Radio Islam denies that the Holocaust took place. Their website describes the Holocaust as a "hoax" fabricated by Zionists, as a pretext for the establishment of an Israeli state.

==Criticism==
A 2003 report commissioned by the European Monitoring Centre on Racism and Xenophobia described Radio Islam as "one of the most radical right wing anti-Semitic homepages on the net with close links to radical Islam groups", like Hamas, Islamic State, Al-Qaeda and Hezbollah, one of a number of "racist and xenophobic sites" which "utilis[e] the denial of the Holocaust as a component of anti-Semitic agitation" and "make use of the entire spectrum of anti-Semitic stereotypes". The Southern Poverty Law Center has described Radio Islam as "a Stockholm-based neo-Nazi propaganda outfit" which "contains a treasure trove of antisemitica" and Ahmed Rami as a "key IHR (Institute for Historical Review) ally" and "a key promoter of anti-Semitism worldwide". The Stephen Roth Institute lists it among a number of "Holocaust denial and/or neo-Nazi pages". The Anti-Defamation League notes that the site "promotes a myriad of anti-Semitic works", and states that it "demonstrates the implicit connection between Holocaust denial and other forms of anti-Semitism". Per Ahlmark, co-founder of the Swedish Committee Against Antisemitism, has described Radio Islam as "the most vicious anti-Jewish campaign in Europe since the Third Reich."

==Namesake confusion==
It bears no relationship to RadioIslam.com, a website live streaming a daily Muslim talk radio program on public affairs. Radio Islam airs in Chicago on WCEV 1450 AM every day from 6-7 PM CST. It is produced by Sound Vision Foundation. Its executive producer is Abdul Malik Mujahid who also chairs the board of Parliament of the World's Religions.

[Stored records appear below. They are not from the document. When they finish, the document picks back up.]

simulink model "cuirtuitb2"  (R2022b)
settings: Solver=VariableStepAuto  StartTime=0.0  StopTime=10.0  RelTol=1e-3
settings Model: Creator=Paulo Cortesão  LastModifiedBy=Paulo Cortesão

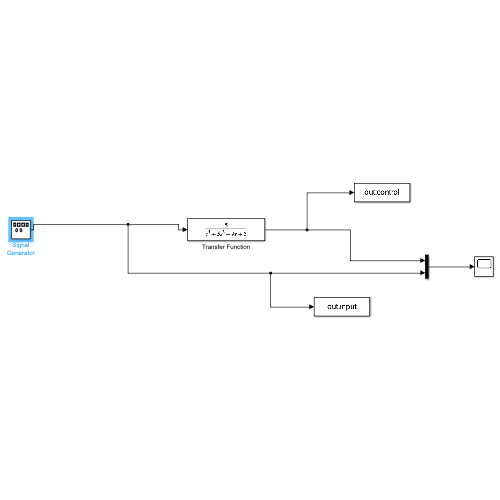
[thumbnail: Simulink's stored preview of the top-level diagram]
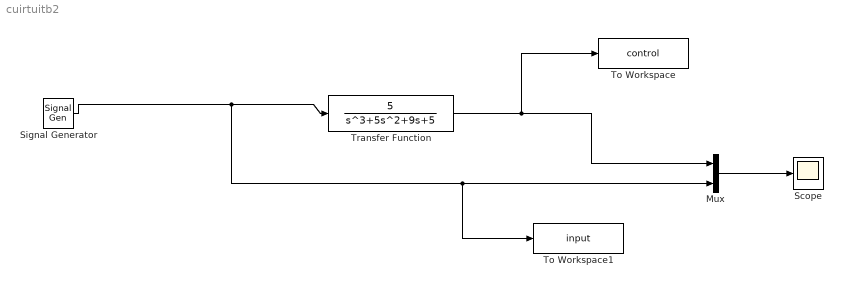
== system cuirtuitb2 ==
  Mux : Mux  Inputs=2
  Scope : Scope
  Signal Generator : SignalGenerator  WaveForm=random  Frequency=0.01  Units=rad/sec
  To Workspace : ToWorkspace  VariableName=control  SaveFormat=Timeseries  SampleTime=-1
  To Workspace1 : ToWorkspace  VariableName=input  SaveFormat=Timeseries  SampleTime=-1
  Transfer Function : TransferFcn  Numerator=[5]  Denominator=[1 5 9 5]
  wires:
  Mux/1 -> Scope/1
  Transfer Function/1 -> To Workspace/1, Mux/1
  Signal Generator/1 -> To Workspace1/1, Mux/2, Transfer Function/1
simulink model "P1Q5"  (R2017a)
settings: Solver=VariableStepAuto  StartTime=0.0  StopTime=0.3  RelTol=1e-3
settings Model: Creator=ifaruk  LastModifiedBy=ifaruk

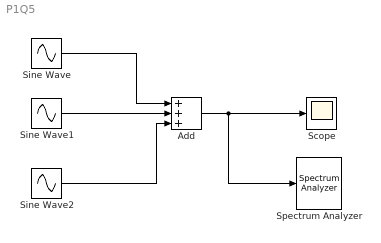
== system P1Q5 ==
  Add : Sum  Inputs=+++
  Scope : Scope
  Sine Wave : Sin  SineType=Sample based  Amplitude=0.5  Samples=1000  SampleTime=0.0001
  Sine Wave1 : Sin  SineType=Sample based  Amplitude=2  Frequency=5000  Samples=500  SampleTime=0.0001
  Sine Wave2 : Sin  SineType=Sample based  Amplitude=1.5  Samples=100  SampleTime=0.0001
  Spectrum Analyzer : SpectrumAnalyzer
  wires:
  Sine Wave/1 -> Add/1
  Sine Wave1/1 -> Add/2
  Sine Wave2/1 -> Add/3
  Add/1 -> Spectrum Analyzer/1, Scope/1
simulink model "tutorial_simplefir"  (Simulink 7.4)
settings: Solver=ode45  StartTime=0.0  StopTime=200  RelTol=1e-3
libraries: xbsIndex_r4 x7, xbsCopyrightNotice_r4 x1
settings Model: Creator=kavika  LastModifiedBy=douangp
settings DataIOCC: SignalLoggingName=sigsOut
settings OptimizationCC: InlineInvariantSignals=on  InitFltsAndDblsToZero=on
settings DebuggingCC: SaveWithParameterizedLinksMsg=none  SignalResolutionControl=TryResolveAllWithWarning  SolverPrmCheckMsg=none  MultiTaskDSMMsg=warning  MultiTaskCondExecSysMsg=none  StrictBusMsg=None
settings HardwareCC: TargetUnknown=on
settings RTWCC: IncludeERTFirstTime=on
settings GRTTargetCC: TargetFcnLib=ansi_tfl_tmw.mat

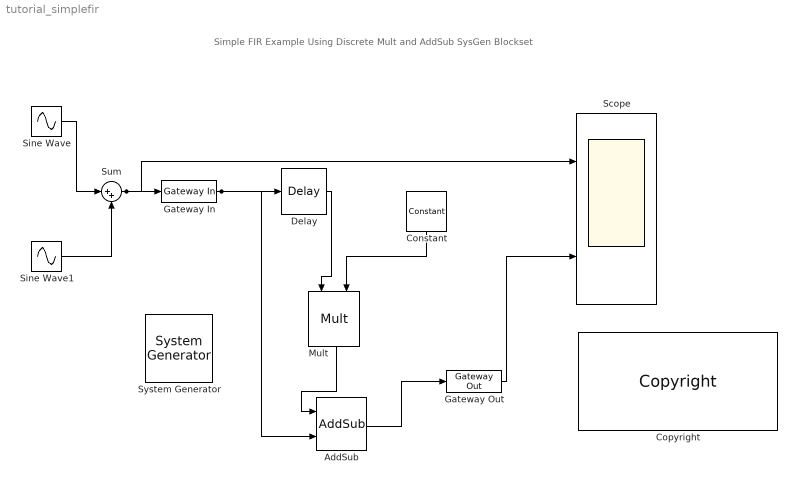
== system tutorial_simplefir ==
  note: Simple FIR Example Using Discrete
      |  Mult and AddSub SysGen Blockset
  " System Generator" : xbsIndex_r4/ System Generator  Tag=genX  SystemSampleTime=-1  xilinxfamily=spartan6  part=xc6slx16  speed=-3  package=csg324  synthesis_tool=XST  clock_wrapper=Clock Enables  directory=./netlist  testbench=off  simulink_period=1  sysclk_period=10  dcm_input_clock_period=100  incr_netlist=off  trim_vbits=Everywhere in SubSystem  dbl_ovrd=According to Block Masks  core_generation=According to Block Masks  run_coregen=off  deprecated_control=off  eval_field=0  block_type=sysgen
      settings: block_version=12.3
  AddSub : xbsIndex_r4/AddSub  mode=Addition  use_carryin=off  use_carryout=off  en=off  latency=0  precision=Full  arith_type=Unsigned  n_bits=8  bin_pt=2  quantization=Truncate  overflow=Wrap  dbl_ovrd=off  use_behavioral_HDL=on  hw_selection=Fabric  pipelined=off  use_rpm=off  block_type=addsub
      settings: xl_area=[0, 0, 0, 0, 0, 0, 0]  block_version=VER_STRING_GOES_HERE
  Constant : xbsIndex_r4/Constant  arith_type=Signed (2's comp)  const=1  n_bits=2  bin_pt=0  explicit_period=off  period=1  equ=P=C  opselect=C  inp2=PCIN>>17  opr=+  inp1=P  carry=CIN  dbl_ovrd=off  block_type=constant
      settings: block_version=VER_STRING_GOES_HERE
  Copyright : xbsCopyrightNotice_r4/Copyright  copyrighttext="Copyright (c) 2010  by  Xilinx, Inc. All rights reserved.<br><br>This file contains proprietary, confidential information of Xilinx, Inc., is distributed under licensefrom Xilinx, Inc., and may be used, copied and/or disclosed only pursuant to the terms of a valid licenseagreement with Xilinx, Inc. Xilinx hereby grants you a license to use this file solely for design,simulation, implementation and creation of design files limited to Xilinx devices or technologies. Use with non-Xilinx devices or technologies is expressly prohibited and immediately terminates your license unless covered by a separate agreement.<br><br>Xilinx is providing this design, code, or information \"as-is\" solely for use in developing programs and solutions for Xilinx devices, with no obligation on the part of Xilinx to provide support. By providingthis design, code, or information as one possible implementation of this feature, application or standard,Xilinx is making no representation that this implementation is free from any claims of infringement. Youare responsible for obtaining any rights you may require for your implementation. Xilinx expressly disclaimsany warranty whatsoever with respect to the adequacy of the implementation, including but not limited to anywarranties or representations that this implementation is free from claims of infringement, implied warrantiesof merchantability or fitness for a particular purpose.<br><br>Xilinx products are not intended for use in life support appliances, devices, or systems. Use in such applications is expressly prohibited.<br><br>Any modifications that are made to the Source Code are done at the user's sole risk and will be unsupported.<br><br>This copyright and support notice must be retained as part of this text at all times. (c) Copyright 1995-2010 Xilinx, Inc. All rights reserved."  block_type=copyright
      settings: block_version=10.1.3
      settings: infoedit=|
      | Copyright(C) 2008 by  Xilinx, Inc. All rights reserved.<br>
      | <br>
      | This file contains proprietary, confidential information of Xilinx, Inc., is distributed under license
      | from Xilinx, Inc., and may be used, copied and/or disclosed only pursuant to the terms of a valid license
      | agreement with Xilinx, Inc. Xilinx hereby grants you a license to use this file solely for design,
      | simulation, implementation and creation of design files limited to Xilinx devices or technologies. Use
      | with non-Xilinx devices or technologies is expressly prohibited and immediately terminates your license
      | unless covered by a separate agreement.<br>
      | <br>
      | Xilinx is providing this design, code, or information "as-is" solely for use in developing programs and
      | solutions for Xilinx devices, with no obligation on the part of Xilinx to provide support. By providing
      | this design, code, or information as one possible implementation of this feature, application or standard,
      | Xilinx is making no representation that this implementation is free from any claims of infringement. You
      | are responsible for obtaining any rights you may require for your implementation. Xilinx expressly disclaims
      | any warranty whatsoever with respect to the adequacy of the implementation, including but not limited to any
      | warranties or representations that this implementation is free from claims of infringement, implied warranties
      | of merchantability or fitness for a particular purpose.<br>
      | <br>
      | Xilinx products are not intended for use in life support appliances, devices, or systems. Use in such
      | applications is expressly prohibited.<br>
      | <br>
      | Any modifications that are made to the Source Code are done at the user's sole risk and will be unsupported.<br>
      | <br>
      | This copyright and support notice must be retained as part of this text at all times.
      | (c) Copyright 1995-2008 Xilinx, Inc. All rights reserved.
  Delay : xbsIndex_r4/Delay  en=off  latency=1  dbl_ovrd=off  reg_retiming=off  block_type=delay
      settings: infoedit=Hardware notes: A delay line is a chain, each link of which is an SRL16 followed by a flip-flop. If register retiming is enabled, the delay line is a chain of flip-flops.  block_version=VER_STRING_GOES_HERE
  Gateway In : xbsIndex_r4/Gateway In  arith_type="Signed  (2's comp)"  n_bits=14  bin_pt=12  quantization="Round  (unbiased: +/- Inf)"  overflow=Saturate  period=1  dbl_ovrd=off  timing_constraint=None  locs_specified=off  LOCs={}  hdl_port=on  block_type=gatewayin
      settings: infoedit="Gateway in block.  Converts inputs of type Simulink integer, double and fixed point to  Xilinx fixed point type.<P><P>Hardware notes:  In hardware these blocks become top level input ports."  xl_area=[0, 0, 0, 0, 0, 0, 0]  block_version=VER_STRING_GOES_HERE
  Gateway Out : xbsIndex_r4/Gateway Out  hdl_port=on  timing_constraint=None  locs_specified=off  LOCs={}  block_type=gatewayout
      settings: infoedit="Gateway out block.  Converts Xilinx fixed point inputs into ouputs of type Simulink integer, double, or fixed point.<P><P>Hardware notes:  In hardware these blocks become top level output ports or are discarded, depending on how they are configured."  xl_area=[0, 0, 0, 0, 0, 0, 0]  block_version=VER_STRING_GOES_HERE
  Mult : xbsIndex_r4/Mult  precision=Full  arith_type="Signed  (2's comp)"  n_bits=8  bin_pt=2  quantization=Truncate  overflow=Wrap  en=off  latency=1  dbl_ovrd=off  use_behavioral_HDL=off  opt=Speed  use_embedded=on  optimum_pipeline=off  pipeline=on  use_rpm=off  placement_style=Rectangular shape  block_type=mult
      settings: infoedit=Hardware notes: To use the internal pipeline stage of the dedicated multiplier you must select 'Pipeline to Greatest Extent Possible'.  xl_area=[0, 0, 0, 0, 0, 0, 0]  block_version=VER_STRING_GOES_HERE
  Scope : Scope  NumInputPorts=2
      settings: YMin=-1.5~-2.5  YMax=1.5~2.5
  Sine Wave : Sin  Amplitude=1  Bias=0  Frequency=.1  Phase=0  Samples=10  SampleTime=0  Offset=0
  Sine Wave1 : Sin  Amplitude=.25  Bias=0  Frequency=1.4  Phase=0  Samples=10  SampleTime=0  Offset=0
  Sum : Sum  Inputs=|++  OutDataType=sfix(16)  OutScaling=2^0  SaturateOnIntegerOverflow=on
  wires:
  Gateway In/1 -> AddSub/2, Delay/1
  Sum/1 -> Gateway In/1, Scope/1
  Gateway Out/1 -> Scope/2
  Mult/1 -> AddSub/1
  Constant/1 -> Mult/2
  AddSub/1 -> Gateway Out/1
  Sine Wave/1 -> Sum/1
  Sine Wave1/1 -> Sum/2
  Delay/1 -> Mult/1

There are also two other websites bearing the "radioislam" address: radioislam.org.za and radioislam.org.mw, which are based in South Africa and Malawi respectively, and cover matters relating to Islam from their own perspectives. The former location of the website (and previously radio station) referred to on this page – radioislam.org – has been changed to islam-radio.net, presumably to avoid confusion.